(WORKING DATA Opens)
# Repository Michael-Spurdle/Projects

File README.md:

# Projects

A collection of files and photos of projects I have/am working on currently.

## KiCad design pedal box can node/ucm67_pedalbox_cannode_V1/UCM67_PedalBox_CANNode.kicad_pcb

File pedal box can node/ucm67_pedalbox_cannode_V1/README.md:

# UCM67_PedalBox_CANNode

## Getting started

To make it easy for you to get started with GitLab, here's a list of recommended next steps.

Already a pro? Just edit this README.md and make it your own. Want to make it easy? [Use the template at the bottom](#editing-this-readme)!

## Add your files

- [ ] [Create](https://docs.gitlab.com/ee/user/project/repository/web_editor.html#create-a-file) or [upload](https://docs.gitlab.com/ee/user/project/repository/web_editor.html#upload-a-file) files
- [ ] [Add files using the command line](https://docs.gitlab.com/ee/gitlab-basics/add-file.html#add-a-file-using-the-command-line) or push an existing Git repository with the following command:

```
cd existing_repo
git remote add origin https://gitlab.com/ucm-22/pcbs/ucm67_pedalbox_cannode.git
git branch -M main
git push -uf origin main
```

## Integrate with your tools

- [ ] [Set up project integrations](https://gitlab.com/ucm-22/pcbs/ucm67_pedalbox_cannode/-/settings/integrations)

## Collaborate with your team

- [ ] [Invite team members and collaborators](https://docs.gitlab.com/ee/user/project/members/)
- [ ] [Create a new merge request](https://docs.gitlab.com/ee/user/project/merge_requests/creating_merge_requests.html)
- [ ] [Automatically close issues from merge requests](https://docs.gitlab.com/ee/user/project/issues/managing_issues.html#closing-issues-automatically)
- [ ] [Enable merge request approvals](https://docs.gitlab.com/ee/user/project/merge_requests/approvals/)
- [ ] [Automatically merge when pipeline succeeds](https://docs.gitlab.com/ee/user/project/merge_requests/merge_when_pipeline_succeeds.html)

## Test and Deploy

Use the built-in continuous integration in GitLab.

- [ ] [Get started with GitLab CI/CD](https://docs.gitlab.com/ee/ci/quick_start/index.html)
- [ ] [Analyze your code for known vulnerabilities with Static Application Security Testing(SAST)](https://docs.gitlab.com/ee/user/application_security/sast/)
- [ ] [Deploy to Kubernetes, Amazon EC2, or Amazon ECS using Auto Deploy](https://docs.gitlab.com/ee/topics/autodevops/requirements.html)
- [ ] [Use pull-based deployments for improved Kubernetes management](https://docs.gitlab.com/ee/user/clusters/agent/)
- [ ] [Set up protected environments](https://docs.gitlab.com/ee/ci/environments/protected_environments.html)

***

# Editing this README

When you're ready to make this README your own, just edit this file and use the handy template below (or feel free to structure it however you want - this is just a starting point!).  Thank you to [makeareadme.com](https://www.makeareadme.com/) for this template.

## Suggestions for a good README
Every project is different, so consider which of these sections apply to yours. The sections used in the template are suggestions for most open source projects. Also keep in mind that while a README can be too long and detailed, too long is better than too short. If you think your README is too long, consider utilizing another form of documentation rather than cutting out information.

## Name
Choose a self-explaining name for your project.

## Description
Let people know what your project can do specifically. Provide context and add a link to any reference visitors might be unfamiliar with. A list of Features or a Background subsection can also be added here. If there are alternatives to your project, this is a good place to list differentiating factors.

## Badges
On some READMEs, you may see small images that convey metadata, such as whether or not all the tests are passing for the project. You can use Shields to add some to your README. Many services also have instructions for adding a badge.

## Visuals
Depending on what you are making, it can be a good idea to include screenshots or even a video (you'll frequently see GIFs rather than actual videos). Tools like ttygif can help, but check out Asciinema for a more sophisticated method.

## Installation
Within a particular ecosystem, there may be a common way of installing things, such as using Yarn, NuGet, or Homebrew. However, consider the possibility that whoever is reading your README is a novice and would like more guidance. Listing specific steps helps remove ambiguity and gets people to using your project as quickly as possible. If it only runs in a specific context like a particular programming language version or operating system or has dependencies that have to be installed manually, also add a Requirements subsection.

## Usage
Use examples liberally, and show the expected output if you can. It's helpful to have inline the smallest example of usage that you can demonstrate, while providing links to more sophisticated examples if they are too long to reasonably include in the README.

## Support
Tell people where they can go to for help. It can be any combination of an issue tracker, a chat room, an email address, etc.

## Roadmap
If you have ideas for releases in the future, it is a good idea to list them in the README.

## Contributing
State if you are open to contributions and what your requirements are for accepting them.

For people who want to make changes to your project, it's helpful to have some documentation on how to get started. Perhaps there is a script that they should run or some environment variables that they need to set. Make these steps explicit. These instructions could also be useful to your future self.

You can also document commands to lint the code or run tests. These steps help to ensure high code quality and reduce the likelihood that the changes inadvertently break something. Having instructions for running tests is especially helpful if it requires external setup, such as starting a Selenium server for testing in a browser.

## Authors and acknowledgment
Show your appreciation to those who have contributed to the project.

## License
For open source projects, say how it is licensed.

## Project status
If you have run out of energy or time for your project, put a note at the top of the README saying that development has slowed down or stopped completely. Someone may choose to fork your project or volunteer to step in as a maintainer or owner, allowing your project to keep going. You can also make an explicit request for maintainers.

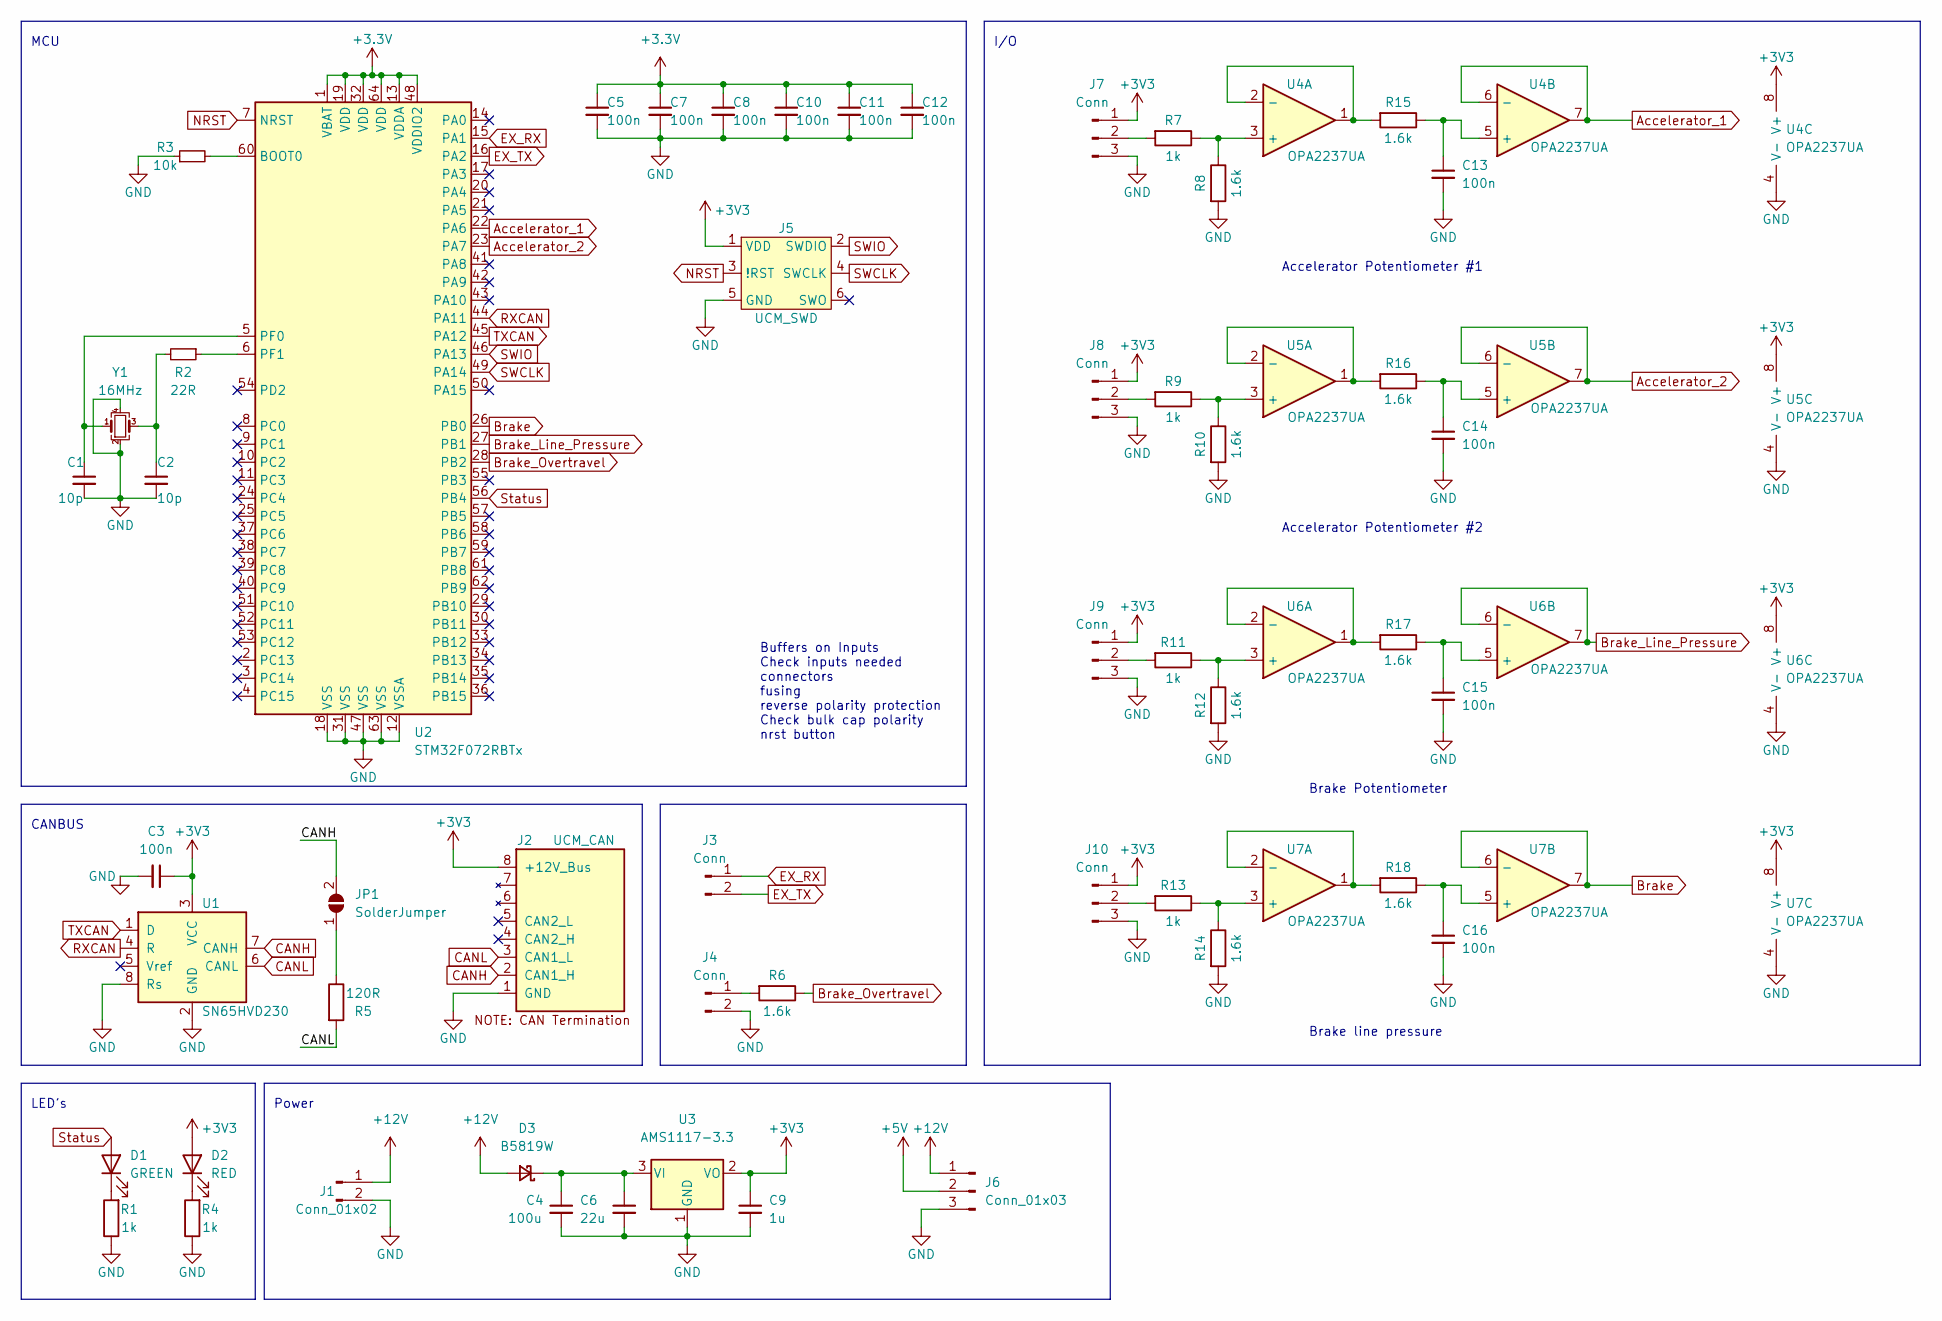
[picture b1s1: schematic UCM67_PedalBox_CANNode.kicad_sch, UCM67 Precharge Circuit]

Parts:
C1, C2: 10p; C_0603_1608Metric
C3, C5, C7, C8, C10, C11, C12: 100n; C_0603_1608Metric
C4: 100u; C_Elec_6.3x7.7
C6: 22u; C_1206_3216Metric
C9: 1u; C_1206_3216Metric
C13, C14, C15, C16: 100n; C_1206_3216Metric
D1: GREEN; LED_0603_1608Metric; LCSC C72043
D2: RED; LED_0603_1608Metric; LCSC C72043
D3: B5819W; D_SOD-123
J1: Conn_01x02; PinHeader_1x02_P2.54mm_Vertical
J2: UCM_CAN; RJ45_Ninigi_GE
J3, J4: Conn; Molex_KK-254_AE-6410-02A_1x02_P2.54mm_Vertical
J5: UCM_SWD; Tag-Connect_TC2030-IDC-NL_2x03_P1.27mm_Vertical
J6: Conn_01x03; PinHeader_1x03_P2.54mm_Vertical
J7, J8, J9, J10: Conn; Molex_KK-254_AE-6410-03A_1x03_P2.54mm_Vertical
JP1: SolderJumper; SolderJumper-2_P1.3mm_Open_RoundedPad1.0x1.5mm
(WORKING DATA Closes)
Type the records out again in full, exactly, with each picture omitted.

▶ YOUR SOLUTION:
# Repository Michael-Spurdle/Projects

File README.md:

# Projects

A collection of files and photos of projects I have/am working on currently.

## KiCad design pedal box can node/ucm67_pedalbox_cannode_V1/UCM67_PedalBox_CANNode.kicad_pcb

File pedal box can node/ucm67_pedalbox_cannode_V1/README.md:

# UCM67_PedalBox_CANNode

## Getting started

To make it easy for you to get started with GitLab, here's a list of recommended next steps.

Already a pro? Just edit this README.md and make it your own. Want to make it easy? [Use the template at the bottom](#editing-this-readme)!

## Add your files

- [ ] [Create](https://docs.gitlab.com/ee/user/project/repository/web_editor.html#create-a-file) or [upload](https://docs.gitlab.com/ee/user/project/repository/web_editor.html#upload-a-file) files
- [ ] [Add files using the command line](https://docs.gitlab.com/ee/gitlab-basics/add-file.html#add-a-file-using-the-command-line) or push an existing Git repository with the following command:

```
cd existing_repo
git remote add origin https://gitlab.com/ucm-22/pcbs/ucm67_pedalbox_cannode.git
git branch -M main
git push -uf origin main
```

## Integrate with your tools

- [ ] [Set up project integrations](https://gitlab.com/ucm-22/pcbs/ucm67_pedalbox_cannode/-/settings/integrations)

## Collaborate with your team

- [ ] [Invite team members and collaborators](https://docs.gitlab.com/ee/user/project/members/)
- [ ] [Create a new merge request](https://docs.gitlab.com/ee/user/project/merge_requests/creating_merge_requests.html)
- [ ] [Automatically close issues from merge requests](https://docs.gitlab.com/ee/user/project/issues/managing_issues.html#closing-issues-automatically)
- [ ] [Enable merge request approvals](https://docs.gitlab.com/ee/user/project/merge_requests/approvals/)
- [ ] [Automatically merge when pipeline succeeds](https://docs.gitlab.com/ee/user/project/merge_requests/merge_when_pipeline_succeeds.html)

## Test and Deploy

Use the built-in continuous integration in GitLab.

- [ ] [Get started with GitLab CI/CD](https://docs.gitlab.com/ee/ci/quick_start/index.html)
- [ ] [Analyze your code for known vulnerabilities with Static Application Security Testing(SAST)](https://docs.gitlab.com/ee/user/application_security/sast/)
- [ ] [Deploy to Kubernetes, Amazon EC2, or Amazon ECS using Auto Deploy](https://docs.gitlab.com/ee/topics/autodevops/requirements.html)
- [ ] [Use pull-based deployments for improved Kubernetes management](https://docs.gitlab.com/ee/user/clusters/agent/)
- [ ] [Set up protected environments](https://docs.gitlab.com/ee/ci/environments/protected_environments.html)

***

# Editing this README

When you're ready to make this README your own, just edit this file and use the handy template below (or feel free to structure it however you want - this is just a starting point!).  Thank you to [makeareadme.com](https://www.makeareadme.com/) for this template.

## Suggestions for a good README
Every project is different, so consider which of these sections apply to yours. The sections used in the template are suggestions for most open source projects. Also keep in mind that while a README can be too long and detailed, too long is better than too short. If you think your README is too long, consider utilizing another form of documentation rather than cutting out information.

## Name
Choose a self-explaining name for your project.

## Description
Let people know what your project can do specifically. Provide context and add a link to any reference visitors might be unfamiliar with. A list of Features or a Background subsection can also be added here. If there are alternatives to your project, this is a good place to list differentiating factors.

## Badges
On some READMEs, you may see small images that convey metadata, such as whether or not all the tests are passing for the project. You can use Shields to add some to your README. Many services also have instructions for adding a badge.

## Visuals
Depending on what you are making, it can be a good idea to include screenshots or even a video (you'll frequently see GIFs rather than actual videos). Tools like ttygif can help, but check out Asciinema for a more sophisticated method.

## Installation
Within a particular ecosystem, there may be a common way of installing things, such as using Yarn, NuGet, or Homebrew. However, consider the possibility that whoever is reading your README is a novice and would like more guidance. Listing specific steps helps remove ambiguity and gets people to using your project as quickly as possible. If it only runs in a specific context like a particular programming language version or operating system or has dependencies that have to be installed manually, also add a Requirements subsection.

## Usage
Use examples liberally, and show the expected output if you can. It's helpful to have inline the smallest example of usage that you can demonstrate, while providing links to more sophisticated examples if they are too long to reasonably include in the README.

## Support
Tell people where they can go to for help. It can be any combination of an issue tracker, a chat room, an email address, etc.

## Roadmap
If you have ideas for releases in the future, it is a good idea to list them in the README.

## Contributing
State if you are open to contributions and what your requirements are for accepting them.

For people who want to make changes to your project, it's helpful to have some documentation on how to get started. Perhaps there is a script that they should run or some environment variables that they need to set. Make these steps explicit. These instructions could also be useful to your future self.

You can also document commands to lint the code or run tests. These steps help to ensure high code quality and reduce the likelihood that the changes inadvertently break something. Having instructions for running tests is especially helpful if it requires external setup, such as starting a Selenium server for testing in a browser.

## Authors and acknowledgment
Show your appreciation to those who have contributed to the project.

## License
For open source projects, say how it is licensed.

## Project status
If you have run out of energy or time for your project, put a note at the top of the README saying that development has slowed down or stopped completely. Someone may choose to fork your project or volunteer to step in as a maintainer or owner, allowing your project to keep going. You can also make an explicit request for maintainers.

[picture b1s1: schematic UCM67_PedalBox_CANNode.kicad_sch, UCM67 Precharge Circuit]

Parts:
C1, C2: 10p; C_0603_1608Metric
C3, C5, C7, C8, C10, C11, C12: 100n; C_0603_1608Metric
C4: 100u; C_Elec_6.3x7.7
C6: 22u; C_1206_3216Metric
C9: 1u; C_1206_3216Metric
C13, C14, C15, C16: 100n; C_1206_3216Metric
D1: GREEN; LED_0603_1608Metric; LCSC C72043
D2: RED; LED_0603_1608Metric; LCSC C72043
D3: B5819W; D_SOD-123
J1: Conn_01x02; PinHeader_1x02_P2.54mm_Vertical
J2: UCM_CAN; RJ45_Ninigi_GE
J3, J4: Conn; Molex_KK-254_AE-6410-02A_1x02_P2.54mm_Vertical
J5: UCM_SWD; Tag-Connect_TC2030-IDC-NL_2x03_P1.27mm_Vertical
J6: Conn_01x03; PinHeader_1x03_P2.54mm_Vertical
J7, J8, J9, J10: Conn; Molex_KK-254_AE-6410-03A_1x03_P2.54mm_Vertical
JP1: SolderJumper; SolderJumper-2_P1.3mm_Open_RoundedPad1.0x1.5mm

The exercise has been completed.